A faithful copy of each record is required, minus the images.

DATA FOR THIS TASK:

- - -

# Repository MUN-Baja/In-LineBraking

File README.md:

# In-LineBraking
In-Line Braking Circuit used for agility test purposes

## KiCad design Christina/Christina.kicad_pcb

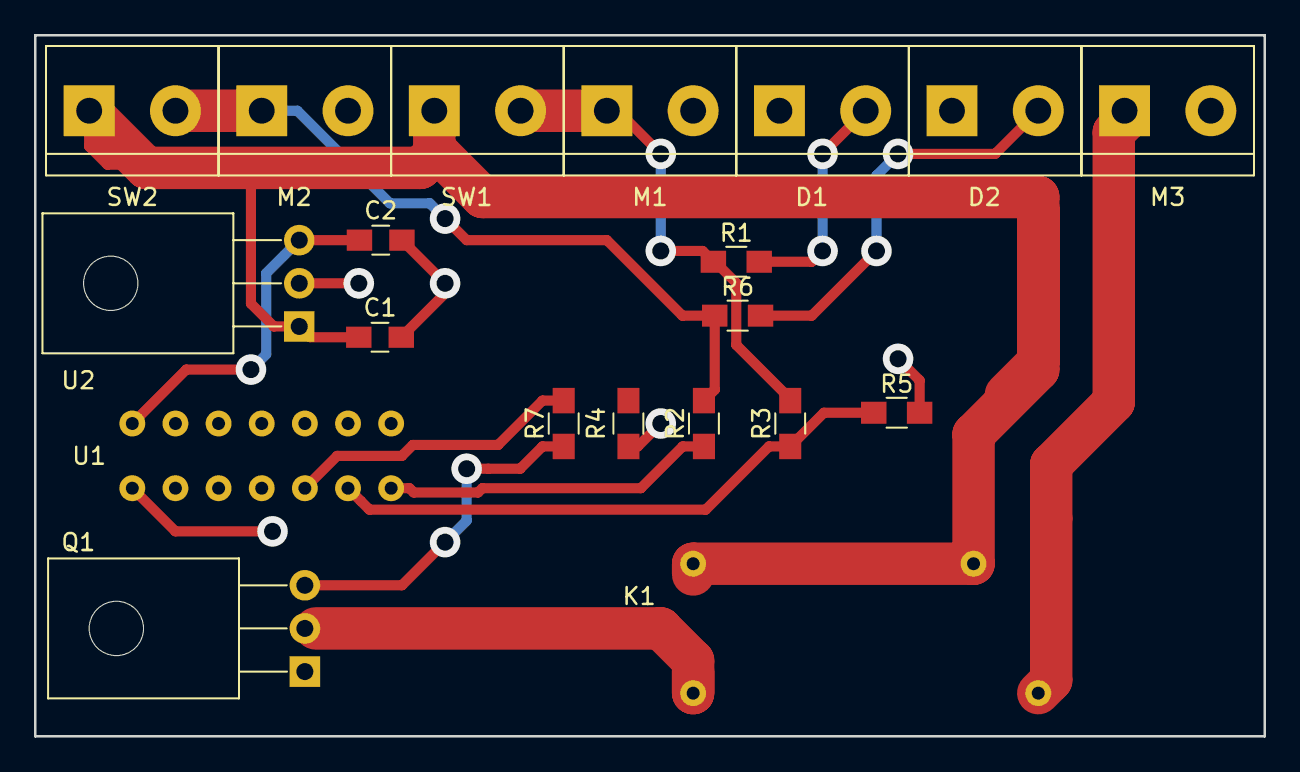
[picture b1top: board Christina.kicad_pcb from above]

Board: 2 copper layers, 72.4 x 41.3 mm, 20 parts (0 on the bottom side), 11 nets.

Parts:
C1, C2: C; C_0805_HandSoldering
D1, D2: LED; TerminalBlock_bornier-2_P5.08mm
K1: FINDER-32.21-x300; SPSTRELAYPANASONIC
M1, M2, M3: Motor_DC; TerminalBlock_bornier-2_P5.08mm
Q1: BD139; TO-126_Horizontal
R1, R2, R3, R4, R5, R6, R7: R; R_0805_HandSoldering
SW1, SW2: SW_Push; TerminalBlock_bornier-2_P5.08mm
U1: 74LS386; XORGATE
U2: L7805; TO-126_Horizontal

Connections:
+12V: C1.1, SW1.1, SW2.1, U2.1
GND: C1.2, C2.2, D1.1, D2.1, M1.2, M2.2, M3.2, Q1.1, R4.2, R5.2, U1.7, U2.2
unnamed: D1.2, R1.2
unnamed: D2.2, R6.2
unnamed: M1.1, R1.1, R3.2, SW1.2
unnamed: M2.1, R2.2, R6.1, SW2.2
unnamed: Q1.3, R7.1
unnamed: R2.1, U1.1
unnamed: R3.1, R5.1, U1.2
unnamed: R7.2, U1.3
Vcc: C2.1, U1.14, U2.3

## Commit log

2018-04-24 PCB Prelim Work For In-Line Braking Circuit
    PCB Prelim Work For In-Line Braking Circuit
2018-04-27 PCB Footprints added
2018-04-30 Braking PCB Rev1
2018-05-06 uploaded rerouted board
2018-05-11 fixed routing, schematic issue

- - -

FINISHED EXERCISE:
# Repository MUN-Baja/In-LineBraking

File README.md:

# In-LineBraking
In-Line Braking Circuit used for agility test purposes

## KiCad design Christina/Christina.kicad_pcb

[picture b1top: board Christina.kicad_pcb from above]

Board: 2 copper layers, 72.4 x 41.3 mm, 20 parts (0 on the bottom side), 11 nets.

Parts:
C1, C2: C; C_0805_HandSoldering
D1, D2: LED; TerminalBlock_bornier-2_P5.08mm
K1: FINDER-32.21-x300; SPSTRELAYPANASONIC
M1, M2, M3: Motor_DC; TerminalBlock_bornier-2_P5.08mm
Q1: BD139; TO-126_Horizontal
R1, R2, R3, R4, R5, R6, R7: R; R_0805_HandSoldering
SW1, SW2: SW_Push; TerminalBlock_bornier-2_P5.08mm
U1: 74LS386; XORGATE
U2: L7805; TO-126_Horizontal

Connections:
+12V: C1.1, SW1.1, SW2.1, U2.1
GND: C1.2, C2.2, D1.1, D2.1, M1.2, M2.2, M3.2, Q1.1, R4.2, R5.2, U1.7, U2.2
unnamed: D1.2, R1.2
unnamed: D2.2, R6.2
unnamed: M1.1, R1.1, R3.2, SW1.2
unnamed: M2.1, R2.2, R6.1, SW2.2
unnamed: Q1.3, R7.1
unnamed: R2.1, U1.1
unnamed: R3.1, R5.1, U1.2
unnamed: R7.2, U1.3
Vcc: C2.1, U1.14, U2.3

## Commit log

2018-04-24 PCB Prelim Work For In-Line Braking Circuit
    PCB Prelim Work For In-Line Braking Circuit
2018-04-27 PCB Footprints added
2018-04-30 Braking PCB Rev1
2018-05-06 uploaded rerouted board
2018-05-11 fixed routing, schematic issue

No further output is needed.